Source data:
━━━━

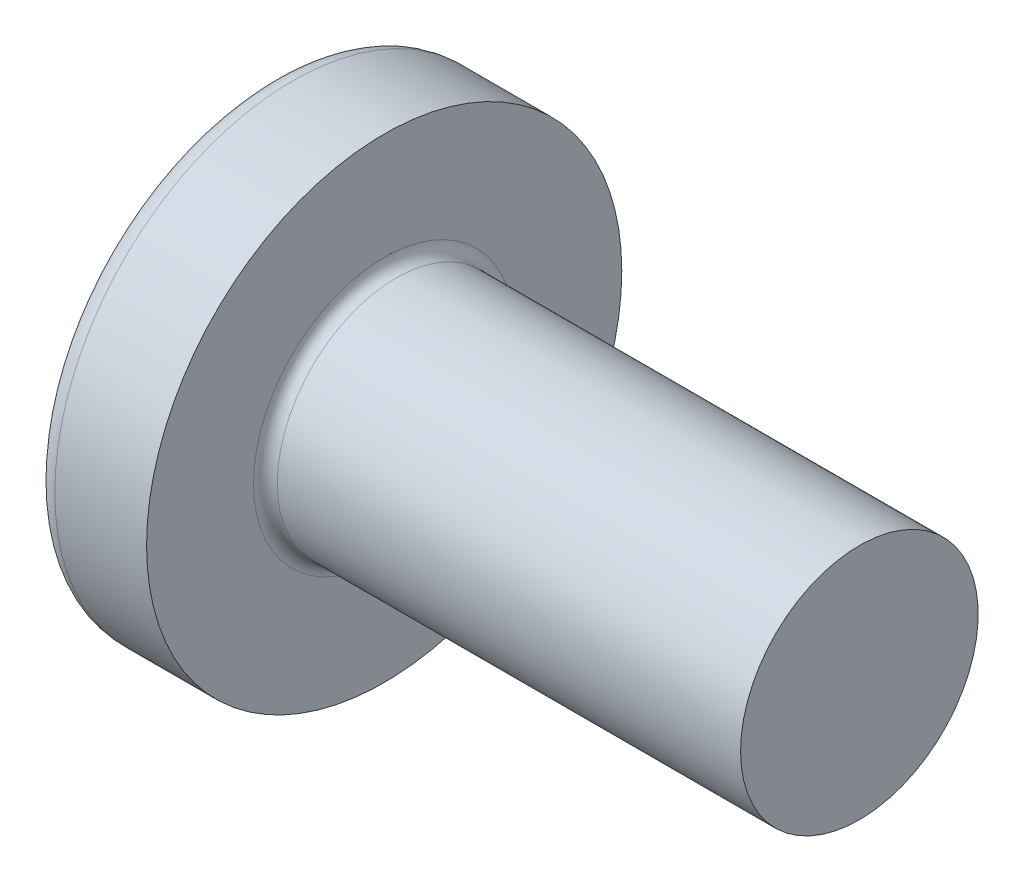
from build123d import *

# Parameters (mm, degrees)
RECPAT_COUNT = 2
RECPAT_ANGLE = 90


with BuildPart() as part:
    # Fillet1: read off the stored shape, not the designer's step
    # Fillet1 outline → Fillet1 (revolve)
    with BuildSketch(Plane.YX):
        with BuildLine():
            Line((2, 3.3), (2, 11.1))
            Line((2, 11.1), (0, 11.1))
            Line((0, 11.1), (0, 0))
            ThreePointArc((0, 0), (2.027933458, 0.324444488), (3.853420198, 1.265388956))
            ThreePointArc((3.853420198, 1.265388956), (3.961271902, 1.392873227), (4, 1.555305874))
            Line((4, 1.555305874), (4, 3.1))
            Line((4, 3.1), (2.2, 3.1))
            ThreePointArc((2.2, 3.1), (2.058578644, 3.158578644), (2, 3.3))
        make_face()
    revolve(axis=Axis((0, 0, 0), (1, 0, 0)))

    # Sketch3 → Recess section 0
    with BuildSketch(Plane(origin=(0, 0, 0), x_dir=(0, 0, -1), z_dir=(1, 0, 0))):
        with BuildLine():
            Line((0.515, -2.15), (-0.515, -2.15))
            Line((-0.515, -2.15), (-0.515, 2.15))
            Line((-0.515, 2.15), (0.515, 2.15))
            Line((0.515, 2.15), (0.515, -2.15))
        make_face()
    # Sketch4 → Recess section 1
    with BuildSketch(Plane(origin=(2.34, 0, 0), x_dir=(0, 0, -1), z_dir=(1, 0, 0))):
        with BuildLine():
            Line((0.515, -0.983319232), (-0.515, -0.983319232))
            Line((-0.515, -0.983319232), (-0.515, 0.983319232))
            Line((-0.515, 0.983319232), (0.515, 0.983319232))
            Line((0.515, 0.983319232), (0.515, -0.983319232))
        make_face()
    recess = loft(mode=Mode.SUBTRACT)

    # RecPat: Recess ×2 about axis
    recpat_axis = Axis((0, 0, 0), (1, 0, 0))
    for i in range(1, RECPAT_COUNT):
        add(recess.rotate(recpat_axis, i * RECPAT_ANGLE / (RECPAT_COUNT - 1)), mode=Mode.SUBTRACT)

    # RecCorSke → RecessCore (revolve, cut)
    with BuildSketch(Plane.XY, mode=Mode.PRIVATE) as recesscore_sk:
        Polygon((0, 0), (0, 1.01462874), (2.34, 0.851), (2.616506661, 0), align=None)
    revolve(recesscore_sk.sketch.rotate(Axis((-3.175, 0, 0), (1, 0, 0)), 90), axis=Axis((-3.175, 0, 0), (1, 0, 0)), mode=Mode.SUBTRACT)


solid = part.part
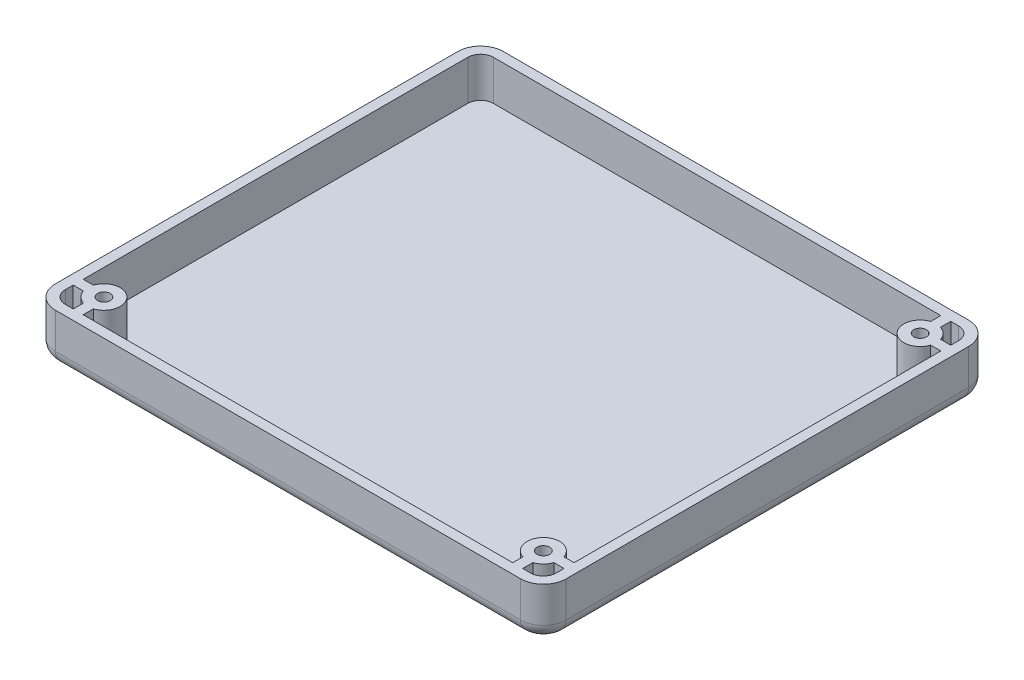
from build123d import *

# Parameters (mm, degrees)
SKETCH1_W               = 89.5
SKETCH1_H               = 78.5
BOSS_EXTRUDE1_DEPTH     = 21.75
FILLET2_R               = 4
SHELL1_T                = -1.75
CUT_EXTRUDE1_DEPTH      = 64.37339745
CUT_EXTRUDE1_DEPTH_BACK = 64.37339745
SKETCH3_W               = 22
SKETCH3_H               = 12
SKETCH3_4_R             = 3.75
CUT_EXTRUDE2_DEPTH      = 64.37339745
BOSS_EXTRUDE2_REACH     = 65.373
SKETCH3_5_R             = 1.1
BOSS_EXTRUDE3_REACH     = 65.373
SKETCH7_R               = 1.1
BOSS_EXTRUDE4_DEPTH     = 1
CUT_EXTRUDE3_DEPTH      = 64.72352395
CUT_EXTRUDE3_DEPTH_BACK = 64.72352395
SKETCH10_OUTSIDE_W      = 115.74
SKETCH10_OUTSIDE_H      = 48.99
SKETCH10_OUTSIDE_W_2    = 100
SKETCH10_OUTSIDE_H_2    = 7
SKETCH11_R              = 1.1
BOSS_EXTRUDE5_DEPTH     = 1.75
FILLET3_R               = 2.5


with BuildPart() as part:
    # Sketch1 → Boss-Extrude1 (new body)
    with BuildSketch(Plane(origin=(0, 0, 0), x_dir=(1, 0, 0), z_dir=(0, 1, 0))):
        Rectangle(SKETCH1_W, SKETCH1_H)
    extrude(amount=BOSS_EXTRUDE1_DEPTH)

    # Fillet2
    fillet2_edges = [part.edges().sort_by_distance(p)[0] for p in [
        (44.75, 10.875, -39.25),
        (44.75, 21.75, 0),
        (0, 21.75, 39.25),
        (44.75, 10.875, 39.25),
        (-44.75, 10.875, 39.25),
        (-44.75, 21.75, 0),
        (0, 21.75, -39.25),
        (-44.75, 10.875, -39.25),
    ]]
    fillet(fillet2_edges, radius=FILLET2_R)

    # Sketch4 → Cut-Loft1 section 0
    with BuildSketch(Plane(origin=(0, 21.75, 0), x_dir=(1, 0, 0), z_dir=(0, 1, 0))):
        with BuildLine():
            Line((5.5, -23), (34.5, -23))
            Line((34.5, -23), (34.5, -4))
            Line((34.5, -4), (5.5, -4))
            Line((5.5, -4), (5.5, -23))
        make_face()
    # Sketch5 → Cut-Loft1 section 1
    with BuildSketch(Plane(origin=(0, 17.75, 0), x_dir=(1, 0, 0), z_dir=(0, 1, 0))):
        with BuildLine():
            Line((31, -19.5), (31, -7.5))
            Line((31, -7.5), (9, -7.5))
            Line((9, -7.5), (9, -19.5))
            Line((9, -19.5), (31, -19.5))
        make_face()
    loft(mode=Mode.SUBTRACT)

    # Shell1
    shell1_openings = [part.faces().sort_by_distance(p)[0] for p in [
        (0, 0, 0),
    ]]
    offset(amount=SHELL1_T, openings=shell1_openings, kind=Kind.INTERSECTION)

    # Sketch3 → Cut-Extrude1 (cut, two sides: drawn at the far end of the back side and taken through both)
    with BuildSketch(Plane(origin=(0, 0, 0), x_dir=(1, 0, 0), z_dir=(0, 1, 0)).offset(-CUT_EXTRUDE1_DEPTH_BACK)):
        with Locations((20, -13.5)):
            Rectangle(SKETCH3_W, SKETCH3_H)
    extrude(amount=CUT_EXTRUDE1_DEPTH + CUT_EXTRUDE1_DEPTH_BACK, mode=Mode.SUBTRACT)

    # Sketch3<4> → Cut-Extrude2 (cut, through all)
    with BuildSketch(Plane(origin=(0, 0, 0), x_dir=(1, 0, 0), z_dir=(0, 1, 0))):
        with Locations((-18.5, -3.5)):
            Circle(SKETCH3_4_R)
        with Locations((-29.5, -14.5)):
            Circle(SKETCH3_4_R)
        with Locations((-18.5, -14.5)):
            Circle(SKETCH3_4_R)
        with Locations((-7.5, -14.5)):
            Circle(SKETCH3_4_R)
        with Locations((-18.5, -25.5)):
            Circle(SKETCH3_4_R)
    extrude(amount=CUT_EXTRUDE2_DEPTH, mode=Mode.SUBTRACT)

    # Sketch3<5> → Boss-Extrude2 (add, up to next)
    with BuildSketch(Plane(origin=(0, 0, 0), x_dir=(1, 0, 0), z_dir=(0, 1, 0)), mode=Mode.PRIVATE) as boss_extrude2_sk1:
        with BuildLine():
            Line((44.75, 32.125), (41.212355987, 32.125))
            ThreePointArc((41.212355987, 32.125), (36.484745674, 30.984745674), (37.625, 35.712355987))
            Line((37.625, 35.712355987), (37.625, 39.25))
            Line((37.625, 39.25), (39.375, 39.25))
            Line((39.375, 39.25), (39.375, 35.712355987))
            ThreePointArc((39.375, 35.712355987), (40.515254326, 35.015254326), (41.212355987, 33.875))
            Line((41.212355987, 33.875), (44.75, 33.875))
            Line((44.75, 33.875), (44.75, 32.125))
        make_face()
        with Locations((38.5, 33)):
            Circle(SKETCH3_5_R, mode=Mode.SUBTRACT)
    boss_extrude2_tool1 = extrude(boss_extrude2_sk1.sketch, amount=BOSS_EXTRUDE2_REACH, mode=Mode.PRIVATE) - part.part
    boss_extrude2 = boss_extrude2_tool1.solids().sort_by_distance((39.30816, 0, -33.80816))[0]
    add(boss_extrude2)

    # Mirror1: Boss-Extrude2 across plane
    add(boss_extrude2.mirror(Plane.XY))

    # Sketch7 → Boss-Extrude3 (add, up to next)
    with BuildSketch(Plane(origin=(0, 0, 0), x_dir=(1, 0, 0), z_dir=(0, 1, 0)), mode=Mode.PRIVATE) as boss_extrude3_sk1:
        with BuildLine():
            Line((-37.625, -35.712355987), (-37.625, -39.25))
            Line((-37.625, -39.25), (-39.375, -39.25))
            Line((-39.375, -39.25), (-39.375, -35.712355987))
            ThreePointArc((-39.375, -35.712355987), (-40.515254326, -35.015254326), (-41.212355987, -33.875))
            Line((-41.212355987, -33.875), (-44.75, -33.875))
            Line((-44.75, -33.875), (-44.75, -32.125))
            Line((-44.75, -32.125), (-41.212355987, -32.125))
            ThreePointArc((-41.212355987, -32.125), (-36.484745674, -30.984745674), (-37.625, -35.712355987))
        make_face()
        with Locations((-38.5, -33)):
            Circle(SKETCH7_R, mode=Mode.SUBTRACT)
    boss_extrude3_tool1 = extrude(boss_extrude3_sk1.sketch, amount=BOSS_EXTRUDE3_REACH, mode=Mode.PRIVATE) - part.part
    add(boss_extrude3_tool1.solids().sort_by_distance((-39.30816, 0, 33.80816))[0])

    # Sketch8 → Boss-Extrude4 (add)
    # profile 1 of 9: a face of its own
    with BuildSketch(Plane(origin=(0, 21.75, 0), x_dir=(1, 0, 0), z_dir=(0, 1, 0))):
        with BuildLine():
            Line((-32.428807867, 23.991700279), (-30.570364358, 23.991700279))
            add(Edge.make_bspline(
                [(-30.570364358, 23.991700279), (-30.479391142, 23.991221987), (-30.303062409, 23.990294938), (-30.046650928, 23.975917274), (-29.806488093, 23.956313001), (-29.582504256, 23.92520682), (-29.374802916, 23.887673484), (-29.182758131, 23.842220684), (-29.006980591, 23.787719686), (-28.797123787, 23.701052306), (-28.557853988, 23.572265684), (-28.298778363, 23.381960089), (-28.07724254, 23.1491896), (-27.886235491, 22.886618945), (-27.73437673, 22.597778023), (-27.62451457, 22.289551231), (-27.554960638, 21.965914204), (-27.547807542, 21.743728127), (-27.544192483, 21.631438861)],
                knots=[0, 0, 0, 0, 1.001505555, 1.941167018, 2.826882275, 3.653841531, 4.429895133, 5.150066043, 5.825578002, 6.45369114, 7.647487171, 8.808567382, 9.977351308, 11.170798116, 12.373658725, 13.556498008, 14.765093433, 16, 16, 16, 16], degree=3))
            add(Edge.make_bspline(
                [(-27.544192483, 21.631438861), (-27.547167599, 21.526248692), (-27.553013982, 21.319540089), (-27.608919634, 21.017205406), (-27.696442596, 20.729411018), (-27.818104738, 20.45720724), (-27.976225171, 20.206744336), (-28.163618167, 19.976001847), (-28.389705751, 19.774749328), (-28.559096282, 19.662237572), (-28.645138997, 19.605086698)],
                knots=[0, 0, 0, 0, 1.044552857, 2.05264487, 3.044412934, 4.028983338, 5.005914585, 5.980388656, 6.974128949, 8, 8, 8, 8], degree=3))
            add(Edge.make_bspline(
                [(-28.645138997, 19.605086698), (-28.536933833, 19.563544093), (-28.329910551, 19.484062801), (-28.045015046, 19.343540574), (-27.799556217, 19.190699402), (-27.591646842, 19.023789152), (-27.413835081, 18.843878746), (-27.258569575, 18.648330185), (-27.126086693, 18.434592565), (-27.012567951, 18.204894373), (-26.923988836, 17.961581055), (-26.857651554, 17.706934872), (-26.819640139, 17.441868939), (-26.814230915, 17.261478014), (-26.811500175, 17.170411217)],
                knots=[0, 0, 0, 0, 1.27268992, 2.434971085, 3.483601985, 4.442670788, 5.356604649, 6.2567628, 7.179492994, 8.113709626, 9.066344395, 10.018646069, 10.999752585, 12, 12, 12, 12], degree=3))
            add(Edge.make_bspline(
                [(-26.811500175, 17.170411217), (-26.814158592, 17.077428515), (-26.819389101, 16.894482444), (-26.857978881, 16.625727399), (-26.923317951, 16.368892723), (-27.013318714, 16.12231719), (-27.13078187, 15.886477824), (-27.273732973, 15.661107441), (-27.444180299, 15.448470442), (-27.634851393, 15.24620401), (-27.85055766, 15.06433696), (-28.083282679, 14.902369216), (-28.335957307, 14.769166004), (-28.604431662, 14.657271688), (-28.891717408, 14.571799241), (-29.196524504, 14.512002451), (-29.518590068, 14.4717116), (-29.739596605, 14.468399064), (-29.852936473, 14.466700279)],
                knots=[0, 0, 0, 0, 0.978564426, 1.925352924, 2.850884081, 3.763762016, 4.682927383, 5.618979971, 6.567305752, 7.547517671, 8.540179244, 9.531824382, 10.526200242, 11.540722885, 12.589160233, 13.674978461, 14.80764778, 16, 16, 16, 16], degree=3))
            Line((-29.852936473, 14.466700279), (-32.428807867, 14.466700279))
            Line((-32.428807867, 14.466700279), (-32.428807867, 23.991700279))
        make_face()
        with BuildLine():
            Line((-31.574000175, 23.014777203), (-31.574000175, 19.961892587))
            Line((-31.574000175, 19.961892587), (-30.999676257, 19.961892587))
            add(Edge.make_bspline(
                [(-30.999676257, 19.961892587), (-30.915723464, 19.962980949), (-30.753509559, 19.965083886), (-30.518596126, 19.971107815), (-30.300541612, 19.987975347), (-30.099722409, 20.004838032), (-29.916454758, 20.032255302), (-29.751144678, 20.064891008), (-29.601197782, 20.099406629), (-29.428279447, 20.158106447), (-29.232138066, 20.244859263), (-29.023042261, 20.379493331), (-28.838707741, 20.539851749), (-28.68304968, 20.724884295), (-28.555655606, 20.928627272), (-28.467171853, 21.147829854), (-28.407171744, 21.377028928), (-28.401751934, 21.534377173), (-28.399000175, 21.614266385)],
                knots=[0, 0, 0, 0, 1.156816544, 2.235205308, 3.236616184, 4.169592532, 5.011045266, 5.787822928, 6.49130361, 7.128639758, 8.301311294, 9.436451833, 10.541879658, 11.654887649, 12.756523258, 13.837046038, 14.901820046, 16, 16, 16, 16], degree=3))
            add(Edge.make_bspline(
                [(-28.399000175, 21.614266385), (-28.400432137, 21.667132235), (-28.403241086, 21.770834372), (-28.426246145, 21.922007971), (-28.465346473, 22.064185612), (-28.515568514, 22.199315727), (-28.585750588, 22.323172976), (-28.668382585, 22.440039816), (-28.76822007, 22.545936367), (-28.881859614, 22.644913359), (-29.012511652, 22.732664538), (-29.160098239, 22.809519758), (-29.326616132, 22.871407157), (-29.509258973, 22.925607544), (-29.710838147, 22.963675686), (-29.929027467, 22.995389548), (-30.165614095, 23.011535082), (-30.329294696, 23.013672391), (-30.413904021, 23.014777203)],
                knots=[0, 0, 0, 0, 0.91205012, 1.789085906, 2.630437955, 3.453916878, 4.269457761, 5.079663411, 5.91843418, 6.774407191, 7.675494373, 8.627863946, 9.638891023, 10.736472738, 11.911756761, 13.175263542, 14.539845004, 16, 16, 16, 16], degree=3))
            Line((-30.413904021, 23.014777203), (-31.574000175, 23.014777203))
        make_face(mode=Mode.SUBTRACT)
        with BuildLine():
            Line((-31.574000175, 18.98496951), (-31.574000175, 15.443623356))
            Line((-31.574000175, 15.443623356), (-30.356662435, 15.443623356))
            add(Edge.make_bspline(
                [(-30.356662435, 15.443623356), (-30.269525215, 15.444667698), (-30.101579711, 15.446680527), (-29.859097078, 15.453251565), (-29.634353059, 15.468198401), (-29.428373204, 15.491727463), (-29.23893333, 15.517250243), (-29.068306009, 15.551570943), (-28.915108104, 15.590892757), (-28.737468738, 15.651673612), (-28.537434191, 15.746097579), (-28.321867503, 15.888467009), (-28.130207581, 16.05807544), (-27.96745184, 16.254374571), (-27.834066492, 16.467819825), (-27.737032718, 16.694093955), (-27.677186172, 16.929458141), (-27.669941269, 17.089931837), (-27.666307867, 17.170411217)],
                knots=[0, 0, 0, 0, 1.160039823, 2.235823828, 3.228722157, 4.157150951, 4.99529583, 5.772374946, 6.472645482, 7.099169577, 8.269452708, 9.405989375, 10.527446681, 11.663510218, 12.788923519, 13.866172445, 14.929861265, 16, 16, 16, 16], degree=3))
            add(Edge.make_bspline(
                [(-27.666307867, 17.170411217), (-27.667059265, 17.220739522), (-27.668549942, 17.320584333), (-27.691030615, 17.467312383), (-27.723725504, 17.609441367), (-27.765993192, 17.747357218), (-27.827550456, 17.878566478), (-27.899413982, 18.005664158), (-27.983673225, 18.12881827), (-28.114966276, 18.284517331), (-28.30593432, 18.463905773), (-28.577279187, 18.639539976), (-28.885813798, 18.781184365), (-29.109590047, 18.841326511), (-29.225187074, 18.87239439)],
                knots=[0, 0, 0, 0, 0.723448775, 1.435228256, 2.130040452, 2.821711965, 3.505591119, 4.210454504, 4.921174351, 5.648778258, 7.137944449, 8.670945889, 10.280296675, 12, 12, 12, 12], degree=3))
            add(Edge.make_bspline(
                [(-29.225187074, 18.87239439), (-29.271530542, 18.881797154), (-29.37201274, 18.902184286), (-29.535863369, 18.923704536), (-29.722923127, 18.942877164), (-29.933623957, 18.957058957), (-30.168232439, 18.971718051), (-30.427249625, 18.977418957), (-30.709617745, 18.984220514), (-30.905539845, 18.984713458), (-31.007308468, 18.98496951)],
                knots=[0, 0, 0, 0, 0.634451884, 1.375622551, 2.216452059, 3.157844607, 4.20941857, 5.370758133, 6.634282058, 8, 8, 8, 8], degree=3))
            Line((-31.007308468, 18.98496951), (-31.574000175, 18.98496951))
        make_face(mode=Mode.SUBTRACT)
    # profile 2 of 9: a face of its own
    with BuildSketch(Plane(origin=(0, 21.75, 0), x_dir=(1, 0, 0), z_dir=(0, 1, 0))):
        with BuildLine():
            Line((-18.019192483, 21.427277203), (-18.019192483, 14.466700279))
            Line((-18.019192483, 14.466700279), (-18.874000175, 14.466700279))
            Line((-18.874000175, 14.466700279), (-18.874000175, 15.67068165))
            add(Edge.make_bspline(
                [(-18.874000175, 15.67068165), (-18.970389884, 15.561716755), (-19.158495612, 15.349070392), (-19.472660369, 15.071261051), (-19.805676625, 14.841631476), (-20.155928077, 14.656166348), (-20.52309844, 14.516850824), (-20.906373791, 14.417828491), (-21.305910478, 14.354163839), (-21.578740101, 14.347806522), (-21.716998973, 14.344584895)],
                knots=[0, 0, 0, 0, 1.074387032, 2.096679803, 3.090159297, 4.057316773, 5.018401886, 5.985159533, 6.978961417, 8, 8, 8, 8], degree=3))
            add(Edge.make_bspline(
                [(-21.716998973, 14.344584895), (-21.839920333, 14.347922379), (-22.082326698, 14.354504047), (-22.438912972, 14.405564316), (-22.782064022, 14.48756265), (-23.112104109, 14.601592928), (-23.426897591, 14.752852164), (-23.729139711, 14.933939418), (-24.01726468, 15.149587677), (-24.286880797, 15.396116525), (-24.535162169, 15.663891455), (-24.753043204, 15.949493265), (-24.934706943, 16.251686963), (-25.086617305, 16.566646475), (-25.203628786, 16.896796363), (-25.28519989, 17.240994941), (-25.336200677, 17.59883524), (-25.342779624, 17.842510656), (-25.34611556, 17.96606927)],
                knots=[0, 0, 0, 0, 1.033919861, 2.038935746, 3.024066025, 3.998881131, 4.97069526, 5.957263378, 6.95902576, 7.993208707, 9.027059324, 10.027763471, 11.009749337, 11.988697705, 12.965288445, 13.950418724, 14.960734635, 16, 16, 16, 16], degree=3))
            add(Edge.make_bspline(
                [(-25.34611556, 17.96606927), (-25.342705687, 18.087074063), (-25.335964554, 18.326294012), (-25.285745434, 18.678116754), (-25.201296761, 19.016984307), (-25.082784404, 19.341805702), (-24.930814512, 19.652973981), (-24.745953076, 19.950709221), (-24.528186743, 20.235831653), (-24.277128407, 20.50163692), (-24.005163068, 20.747165877), (-23.714218593, 20.960550494), (-23.411532378, 21.144837061), (-23.092409471, 21.290851164), (-22.761573278, 21.408985942), (-22.416078544, 21.490718519), (-22.057362747, 21.538880515), (-21.813820766, 21.545854894), (-21.690286233, 21.549392587)],
                knots=[0, 0, 0, 0, 1.020392517, 2.01726096, 2.990465484, 3.961182959, 4.928053699, 5.906110375, 6.912531644, 7.948652711, 8.985773172, 9.998621852, 10.987621588, 11.969261332, 12.953316658, 13.946091881, 14.958173133, 16, 16, 16, 16], degree=3))
            add(Edge.make_bspline(
                [(-21.690286233, 21.549392587), (-21.548228045, 21.545479849), (-21.269658643, 21.537807154), (-20.862184561, 21.473955018), (-20.476709231, 21.366081761), (-20.110257031, 21.219349141), (-19.764143878, 21.024362243), (-19.44164647, 20.778399634), (-19.139389691, 20.483012547), (-18.964183326, 20.256125837), (-18.874000175, 20.139341505)],
                knots=[0, 0, 0, 0, 1.038897134, 2.037228247, 3.008116434, 3.962042015, 4.918381754, 5.904844433, 6.921570401, 8, 8, 8, 8], degree=3))
            Line((-18.874000175, 20.139341505), (-18.874000175, 21.427277203))
            Line((-18.874000175, 21.427277203), (-18.019192483, 21.427277203))
        make_face()
        with BuildLine():
            add(Edge.make_bspline(
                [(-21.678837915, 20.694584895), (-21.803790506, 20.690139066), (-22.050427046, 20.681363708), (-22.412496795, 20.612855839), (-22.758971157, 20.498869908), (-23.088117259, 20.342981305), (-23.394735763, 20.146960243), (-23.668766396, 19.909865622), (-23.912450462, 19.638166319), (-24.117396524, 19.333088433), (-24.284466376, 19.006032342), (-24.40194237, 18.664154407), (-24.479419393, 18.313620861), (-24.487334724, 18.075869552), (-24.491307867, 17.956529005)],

━━━━

REQUIRED ACTION -> Whenever a line of the data includes the word "part", show that line in full.

TASK RESPONSE ->
with BuildPart() as part:
solid = part.part
with BuildPart() as part:
    fillet2_edges = [part.edges().sort_by_distance(p)[0] for p in [
    shell1_openings = [part.faces().sort_by_distance(p)[0] for p in [
    boss_extrude2_tool1 = extrude(boss_extrude2_sk1.sketch, amount=BOSS_EXTRUDE2_REACH, mode=Mode.PRIVATE) - part.part
    boss_extrude3_tool1 = extrude(boss_extrude3_sk1.sketch, amount=BOSS_EXTRUDE3_REACH, mode=Mode.PRIVATE) - part.part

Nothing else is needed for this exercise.